Processor ROB timeout
First, let’s examine the meaning of a processor ROB timeout. Figure 1 is an example of a P6 Processor Micro-architecture with Advance Transfer Cache Enhancement.
Fig 1: Intel P6 processor micro-architecture with advance cache transfer enhancement
From the above figure, the processor execution consists of a few blocks:
Bus unit which interacts with the system bus, known as the Front Side Bus for earlier Processors, and Intel Quick Path Interconnect for more recent processors;
Second Level Cache unit which interacts with the Fetch/Decode Unit and the First Level Cache unit;
First Level Cache unit which interacts with the Out-of-Order Execution Unit;
Execution Out-of-Order Core unit which is handling out of order execution;
Retirement unit which is responsible for retiring processor instructions in order;
Branch Prediction unit which offers branch predicting hints for the processor.
In the processor Retirement unit, the processor instructions are retired in order even though the processor can support out-of-order execution. It is important to note that the instructions must retire in order to ensure the correctness of program execution. The ROB timer is reset on retirement of each micro-instruction. During normal operation the processor retires instructions before the ROB timer times out.
When the ROB timer expires, something usually is going on within the system hardware or software or both. This document discusses some examples of ROB timeout events.
Machine Check status
As described earlier, the ROB timeout is a type of Machine Check event, thus it is recommended that Machine-Check Architecture events are enabled in the system in order to capture information related to a Machine Check event. (See Intel 64 and IA-32 Architectures Software Developer's Manual, Volume 3A: System Programming Guide Part 1
for details on Machine-Check Architecture initialization.
Processor ROB timeout is reported in bits [15:0] of the MCi_STATUS – the MCACOD field – as an internal timer error condition with MCACOD == 0x400. Bit 38 of MC0_STATUS will also be set in the processor to report a BINIT# (Bus Init) timeout condition.
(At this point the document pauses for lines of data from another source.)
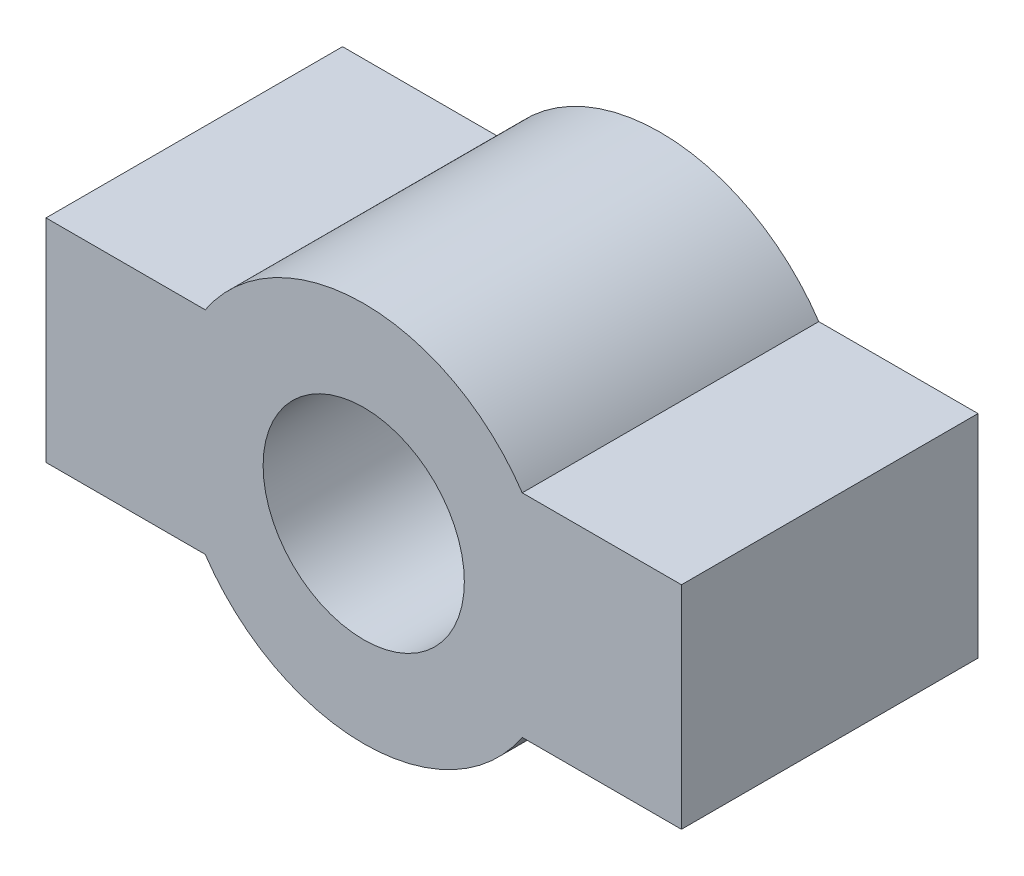
SolidWorks part; units mm, degrees
ref_plane "前视" through (0, 0, 0) normal (0, 0, 1) x (1, 0, 0)
ref_plane "上视" through (0, 0, 0) normal (0, 1, 0) x (1, 0, 0)
ref_plane "右视" through (0, 0, 0) normal (1, 0, 0) x (0, 0, -1)
sketch "草图1" plane through (0, 0, 0) normal (0, 0, 1) x (1, 0, 0)
  line L0 (14.9666, 10) -> (30, 10)
  line L1 (-30, 10) -> (-14.9666, 10)
  line L2 (-30, 10) -> (-30, -10)
  line L3 (-30, -10) -> (-14.9666, -10)
  line L4 (30, 10) -> (30, -10)
  line L5 (14.9666, -10) -> (30, -10)
  circle A0 centre (0, 0) radius 9.5
  arc A1 (-14.9666, -10) -> (14.9666, -10) centre (0, 0) ccw
  arc A2 (14.9666, 10) -> (-14.9666, 10) centre (0, 0) ccw
  dimension "D1" = 20
  dimension "D2" = 60
  dimension "D3" = 30
  dimension "D4" = 10
extrude "拉伸1" add sketch "草图1" along normal blind 28
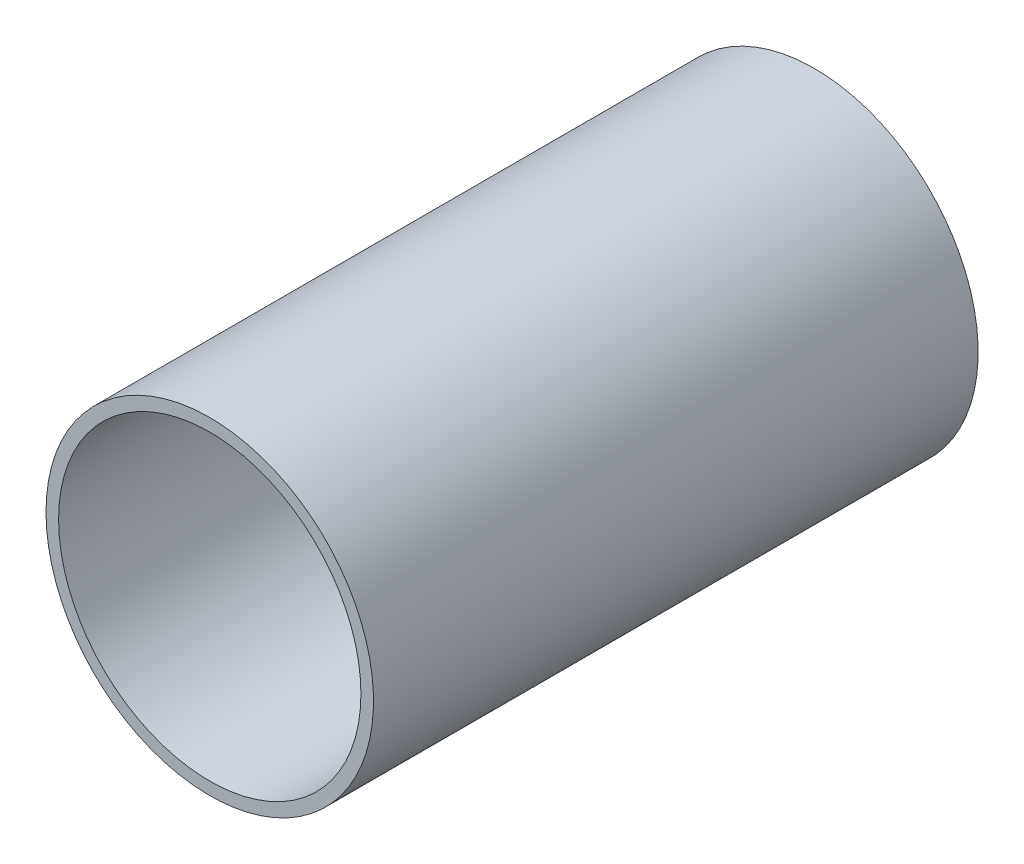
SolidWorks part; units mm, degrees
material "Acrylic (Medium-high impact)"
ref_plane "Front Plane" through (0, 0, 0) normal (0, 0, 1) x (1, 0, 0)
ref_plane "Top Plane" through (0, 0, 0) normal (0, 1, 0) x (1, 0, 0)
ref_plane "Right Plane" through (0, 0, 0) normal (1, 0, 0) x (0, 0, -1)
sketch "Sketch1" plane through (0, 0, 0) normal (0, 0, 1) x (1, 0, 0)
  circle A0 centre (0, 0) radius 82.55
  circle A1 centre (0, 0) radius 76.2
  dimension "D1" = 165.1
  dimension "D2" = 6.35
extrude "Boss-Extrude1" add sketch "Sketch1" along normal blind 304.8
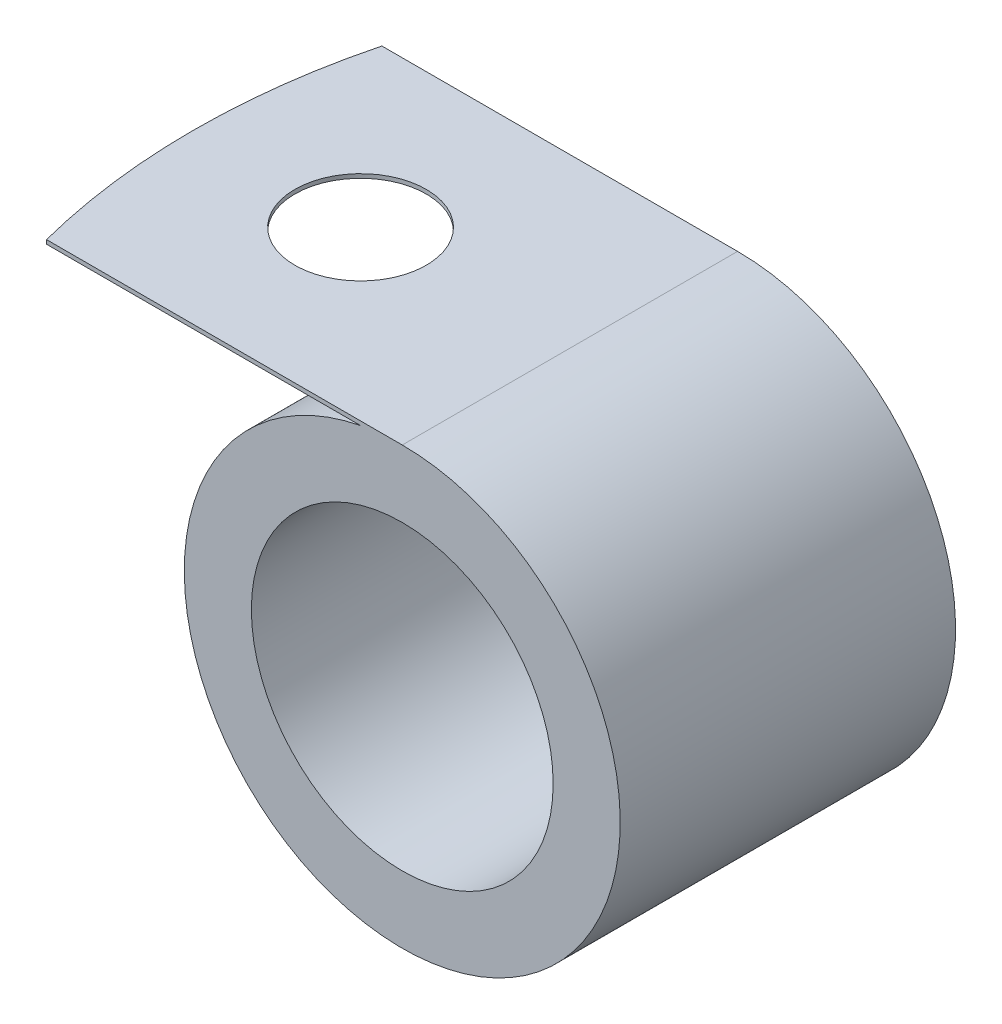
SolidWorks part; units mm, degrees
ref_plane "Front Plane" through (0, 0, 0) normal (0, 0, 1) x (1, 0, 0)
ref_plane "Top Plane" through (0, 0, 0) normal (0, 1, 0) x (1, 0, 0)
ref_plane "Right Plane" through (0, 0, 0) normal (1, 0, 0) x (0, 0, -1)
sketch "Sketch1" plane through (0, 0, 0) normal (0, 0, 1) x (1, 0, 0)
  line L0 (0, 8.255) -> (-14.2789, 8.255)
  line L1 (-14.2789, 8.255) -> (-14.2789, 8.1026)
  line L2 (-14.2789, 8.1026) -> (-1.5789, 8.1026)
  circle A0 centre (0, 0) radius 5.715
  arc A1 (-1.5789, 8.1026) -> (0, 8.255) centre (0, 0) ccw
  point P3 (-4.2148, 7.0979)
  dimension "D1" = 11.43
  dimension "D2" = 16.51
  dimension "D3" = 12.7
  dimension "D4" = 0.1524
extrude "Boss-Extrude1" add sketch "Sketch1" along normal mid plane 12.7
sketch "Sketch2" plane through (0, 8.255, 0) normal (0, 1, 0) x (1, 0, 0)
  line L0 (0, 6.35) -> (-14.2789, 6.35) construction
  line L1 (0, -6.35) -> (-14.2789, -6.35) construction
  line L2 (-14.2789, -6.35) -> (-14.2789, 6.35) construction
  line L7 (0, 6.35) -> (-14.2789, 6.35)
  line L8 (-14.2789, 6.35) -> (-14.2789, -6.35)
  line L9 (-14.2789, -6.35) -> (0, -6.35)
  line L10 (0, -6.35) -> (0, 6.35)
  line L11 (-13.4723, 6.35) -> (-14.2789, 6.35)
  line L12 (-14.2789, 6.35) -> (-14.2789, -6.35)
  line L13 (-14.2789, -6.35) -> (-13.4723, -6.35)
  arc A0 (-13.4723, 6.35) -> (-13.4723, -6.35) centre (11.1211, 0) ccw
  circle A1 centre (-7.9289, 0) radius 2.4892
  point P11 (-7.9289, -0.6078)
  line M5 (0, 6.35) -> (-14.2789, 6.35)
  line M6 (-14.2789, 6.35) -> (-14.2789, -6.35)
  line M7 (-14.2789, -6.35) -> (0, -6.35)
  dimension "D1" = 25.4
  dimension "D3" = 4.9784
  dimension "D4" = 6.35
  dimension "D2" = 0
extrude "Cut-Extrude1" cut sketch "Sketch2" against normal up to next contours A1 | A0 M5 M6 | A0 L12 M7

This Processor signature is referenced in Table E-1 and E-3 of the Intel 64 and IA-32 Architectures Software Developer's Manual Volume 3B: System Programming Guide Part 2
Causes and examples
When the next instruction to be retired is a read operation and that read does not complete before the ROB timer expires, a ROB timeout will be reported. This means that a memory read, an IO read, a Memory mapped IO read, or a Configuration read can cause this error.
When any single thread issues a read operation, it may be able to execute other instructions that do not require the completion of the read. At some point the thread needs the read result and it will stall waiting for a completion. When that completion does not occur, the system is headed for a ROB timeout event.
There are several conditions that could prevent the read from completing before the ROB timer expires. Some of the more interesting ones include a device which never responds to a device status read, a device which partially responds or one that returns an error result to other parts of the system but never actually completes the read.
Typically, writes are posted and should not, by themselves, cause an ROB timeout. It is possible that some issues downstream have consumed all the transaction resources causing the functional unit to push back on the system bus, resulting in no progress as seen at the processing unit. This eventually leads to a ROB timer expiring since the pending write instruction cannot be retired within the ROB timeout interval.